BTW (a bit off-topic, but) can some of you C++ experts give me a brief answer to something.
I found monarch_dodra's code interesting, so it got me reading up about iterators, and then I ended up on a page about template specialization and partial specialization here... From what I've learned, it seems that the term 'specialization' is somewhat misguiding, in the sense that there is no parent-child relationship between the specialized and the original template; no code is inherited. Is this true?
If so, than it's just syntactic sugar (since basically it allows to define a completely separate class or a template using the same name)?
And, am I right if I say that, under the hood, template specializations are just classes but appear as templates in code, and partial specializations are just separate templates that get picked out if the right conditions are met?
I wouldn't want to pollute this thread with an unrelated topic, so if someone can give me a short answer, or direct me to some reference material, it would be great. Tnx
Re: Generating all True/False Outcomes
Quote:
Originally Posted by
TheGreatCthulhu
BTW (a bit off-topic, but) can some of you C++ experts give me a brief answer to something.
I found
monarch_dodra's code interesting, so it got me reading up about iterators, and then I ended up on a page about template specialization and partial specialization
here... From what I've learned, it seems that the term 'specialization' is somewhat misguiding, in the sense that there is no parent-child relationship between the specialized and the original template; no code is inherited.
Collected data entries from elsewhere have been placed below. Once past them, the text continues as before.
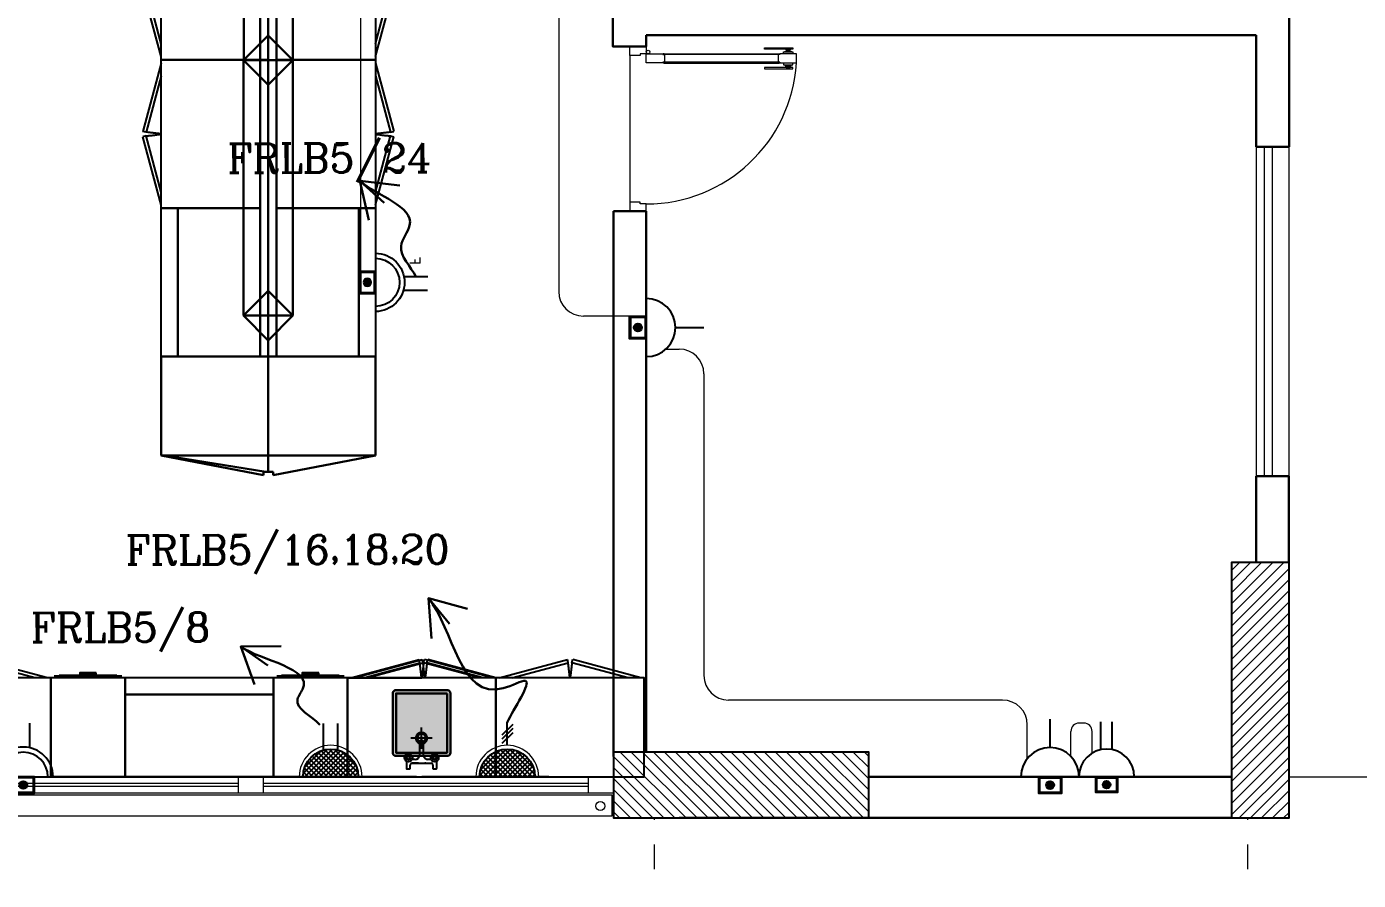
# Model space of a CAD drawing. Extents: x 1315 to 1416, y 473 to 837.
# Drawn here: x 1374.68 to 1382.76, y 774.43 to 779.61 of the extents above; entities that cross this region are included whole.
import ezdxf

# ---------------------------------------------------------------- set-up
doc = ezdxf.new("R2010")
doc.units = 0
doc.header["$MEASUREMENT"] = 0
for name, pattern in [('ACAD_ISO02W100', [15, 12, -3]), ('CENTERX2', [4, 2.5, -0.5, 0.5, -0.5]), ('DASHED', [19.049999999999997, 12.7, -6.349999999999998]), ('DASHED2', [0.375, 0.25, -0.125])]:
    doc.linetypes.add(name, pattern=pattern)
doc.layers.get('0').update_dxf_attribs({"color": 252, "linetype": 'CONTINUOUS', "lineweight": 30})
for name, color, linetype in [('-FUR', 252, 'CONTINUOUS'), ('E-SOCKETS', 6, 'CONTINUOUS'), ('POWER', 1, 'CONTINUOUS'), ('SAN', 252, 'CONTINUOUS'), ('WIRING', 4, 'CONTINUOUS')]:
    doc.layers.add(name, color=color, linetype=linetype)
for name, color, linetype, lineweight in [('axis', 252, 'CENTERX2', 5), ('Column', 252, 'CONTINUOUS', 25), ('DOOR', 252, 'CONTINUOUS', 9), ('elev', 252, 'CONTINUOUS', 9), ('Elevation', 252, 'CONTINUOUS', 18), ('hatch', 252, 'CONTINUOUS', 9), ('R-SWTS-DET1', 252, 'CONTINUOUS', 5), ('Socket', 3, 'CONTINUOUS', 15), ('Wall', 252, 'CONTINUOUS', 30), ('WINDOW', 252, 'CONTINUOUS', 5), ('WIRRING', 3, 'CONTINUOUS', 5)]:
    doc.layers.add(name, color=color, linetype=linetype, lineweight=lineweight)
doc.styles.add('ARIAL', font='arial.ttf')
doc.styles.add('E80', font='romanc.shx')
doc.dimstyles.new('DIM-100-IN', dxfattribs={"dimtxt": 0.22, "dimasz": 0.1, "dimexe": 0.15, "dimexo": 0.15, "dimgap": 0, "dimtad": 0, "dimrnd": 0.05, "dimzin": 1, "dimdsep": 46, "dimtxsty": 'ARIAL', "dimblk": 'DOT', "dimcen": 0.2, "dimclrd": 256, "dimclre": 256, "dimclrt": 23, "dimadec": 0, "dimazin": 0, "dimtfac": 1, "dimtmove": 2, "dimatfit": 2, "dimldrblk": 'OPEN90', "dimfxl": 0.15, "dimfxlon": 1, "dimtolj": 1, "dimtzin": 0, "dimlwe": -1, "dimarcsym": 0})

# ---------------------------------------------------------------- blocks, each defined once
blk = doc.blocks.new('d8')
at = {"layer": 'DOOR'}
for p, q in [((32.11949057471932, -112.7480921357878), (32.11949057471932, -112.0481896781356)), ((32.12445321347209, -112.0481896781356), (32.12445321347209, -112.748092135788)), ((32.17111337731573, -112.0481896781356), (32.17111337731573, -112.7480921357878)), ((32.17607601606785, -112.7480921357878), (32.17607601606785, -112.0481896781353)), ((32.13112043701042, -112.9536329828703), (33.01999110287822, -112.9536329828703))]:
    blk.add_line(p, q, dxfattribs=at)
for points in [[(32.09162617243794, -112.137211430456), (32.0835986547513, -112.137211430456), (32.0835986547513, -111.9648679569864), (32.09162617243805, -111.9648679569864)], [(32.10334504411441, -111.9826758234901), (32.096911198511, -111.9826758234901), (32.096911198511, -112.0028984041054), (32.10334504411441, -112.0028984041054)], [(32.12445321347209, -112.0426348967258), (32.12445321347209, -112.0537444595456), (32.17111337731561, -112.0537444595456), (32.17111337731561, -112.0426348967258), (32.17555720244376, -112.0426348967258), (32.17555720244376, -111.9426488313468), (32.17555720244376, -111.9426488313468), (32.12000938834433, -111.9426488313468), (32.12000938834433, -112.0426348967258)], [(32.19222154667344, -111.9826758234901), (32.19865539227682, -111.9826758234901), (32.19865539227682, -112.0028984041054), (32.19222154667344, -112.0028984041054)], [(32.20394041834952, -112.137211430456), (32.21196793603632, -112.137211430456), (32.21196793603632, -111.9648679569862), (32.20394041834965, -111.9648679569862)], [(32.12445321347185, -112.753646917198), (32.12445321347185, -112.742537354378), (32.17111337731524, -112.742537354378), (32.17111337731524, -112.753646917198), (32.17555720244334, -112.753646917198), (32.17555720244334, -112.8536329825768), (32.17555720244334, -112.8536329825768), (32.12000938834383, -112.8536329825768), (32.12000938834383, -112.753646917198)], [(32.07557139944827, -112.9536329828707), (32.07557113706436, -112.8536329825768), (32.12000938834383, -112.8536329825768), (32.12000965072765, -112.8915336456279), (32.13111921354742, -112.8915336456279), (32.13112043701042, -112.9536329828703)], [(33.07557139944875, -112.953632982871), (33.07557139923375, -112.8536329828921), (33.03099353957411, -112.8536329825773), (33.03099380195788, -112.8915336456279), (33.01988423913794, -112.8915336456279), (33.01999110287822, -112.9536329828703)]]:
    blk.add_lwpolyline(points, close=True, dxfattribs=at)
for points in [[(32.09162617243805, -111.9829640839593, -0.9999999999999998), (32.096911198511, -111.9829640839593), (32.096911198511, -111.9829640839593), (32.096911198511, -112.002610143636), (32.096911198511, -112.002610143636, -0.9999999999999998), (32.09162617243805, -112.002610143636), (32.09162617243805, -112.002610143636)], [(32.20394041834965, -111.9829640839593, 0.9999999999999998), (32.19865539227682, -111.9829640839593), (32.19865539227682, -111.9829640839593), (32.19865539227682, -112.0026101436362), (32.19865539227682, -112.0026101436362, 0.9999999999999998), (32.20394041834965, -112.0026101436362), (32.20394041834965, -112.0026101436362)], [(32.12445321347209, -112.0531523168882), (32.12445321347209, -112.0531523168882, -0.9999999999999998), (32.12445321347209, -112.0432270393829)], [(32.17111337731561, -112.0531523168882), (32.17111337731561, -112.0531523168882, 0.9999999999999998), (32.17111337731561, -112.0432270393829)], [(32.12445321347185, -112.7431294970356), (32.12445321347185, -112.7431294970356, 0.9999999999999998), (32.12445321347185, -112.7530547745402)], [(32.17111337731524, -112.7431294970356), (32.17111337731524, -112.7431294970356, -0.9999999999999998), (32.17111337731524, -112.7530547745402)]]:
    blk.add_lwpolyline(points, format="xyb", close=True, dxfattribs=at)
for points in [[(32.1088998255243, -112.0100383941915), (32.10334504411441, -112.0100383941915), (32.10334504411441, -111.9755358334042), (32.1088998255243, -111.9755358334042)], [(32.12000938834423, -112.0204157710859), (32.1088998255243, -112.0204157710859), (32.1088998255243, -111.9648679569862), (32.12000938834423, -111.9648679569862)], [(32.17555720244376, -112.0204157710862), (32.18666676526341, -112.0204157710862), (32.18666676526341, -111.9648679569864), (32.17555720244376, -111.9648679569864)], [(32.18666676526341, -112.0100383941908), (32.19222154667344, -112.0100383941908), (32.19222154667344, -111.975535833404), (32.18666676526357, -111.975535833404)]]:
    blk.add_lwpolyline(points, dxfattribs=at)
blk.add_circle((32.10889982552379, -112.842523419757), 0.0111095628198811, dxfattribs=at)
blk.add_arc((32.11820588788596, -112.8536329825768), 0.9127876516880132, 359.9999999999772, 86.39767896853148, dxfattribs=at)
blk = doc.blocks.new('A$C11ED6BD5')
at = {"layer": 'axis', "color": 0, "ltscale": 0.3}
for p, q in [((-2.274e-13, 0.2499999999997726), (3.22171341332455, 0.2499999999997726)), ((-3.850000000000363, -2.411147639998716), (-3.850000000000363, -1.137e-13)), ((-0.2500000000004547, -2.411147639998716), (-0.2500000000004547, -1.137e-13))]:
    blk.add_line(p, q, dxfattribs=at)
blk = doc.blocks.new('5')
at = {"layer": '-FUR', "linetype": 'ACAD_ISO02W100'}
for p, q in [((41999.78853774873, -66320.44784204697), (42000.68853774872, -66320.44784204697)), ((41999.80853774873, -66321.04784204697), (42000.22210122364, -66321.15865604609)), ((41999.88581181482, -66321.04784204697), (42000.22727760455, -66321.13933752957)), ((42000.59126368263, -66321.04784204697), (42000.24979789291, -66321.13933752957)), ((42000.66853774873, -66321.04784204697), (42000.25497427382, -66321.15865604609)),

Is this true?
If so, than it's just syntactic sugar (since basically it allows to define a completely separate class or a template using the same name)?
And, am I right if I say that, under the hood, template specializations are just classes but appear as templates in code, and partial specializations are just separate templates that get picked out if the right conditions are met?
I wouldn't want to pollute this thread with an unrelated topic, so if someone can give me a short answer, or direct me to some reference material, it would be great. Tnx
Essentially correct. For example, std::vector<bool> is a specialization which is space-optimized to use 1 bit (instead of 1 byte as you might expect) per bool. This has actually been regarded as a bad design decision in retrospect, but it's a prime example of template specialization.
There are some times when template specialization is required for metaprogramming. The typical example is compile-time computation of the Fibanacci sequence:
Code:
template <int N>
struct Fib
{
const static int val = Fib<N-1>::val + Fib<N-2>::val;
};
template <>
struct Fib<0>
{
const static int val = 1;
};
template <>
struct Fib<1>
{
const static int val = 1;
};
Re: Generating all True/False Outcomes
Quote:
Originally Posted by
Alterah
I was/am trying to figure a way to have it go through all possibilities and increment a counter for each distinct one.
Its simple, just use nested loops. For example with 4 T/F questions you have 4 nested loops with each loop variable counting from 0 to 1.
As a dynamic alternative to static loop nesting you can use recursion. The recursive method has one loop only and each recursive call represents one level deeper down the loop nesting.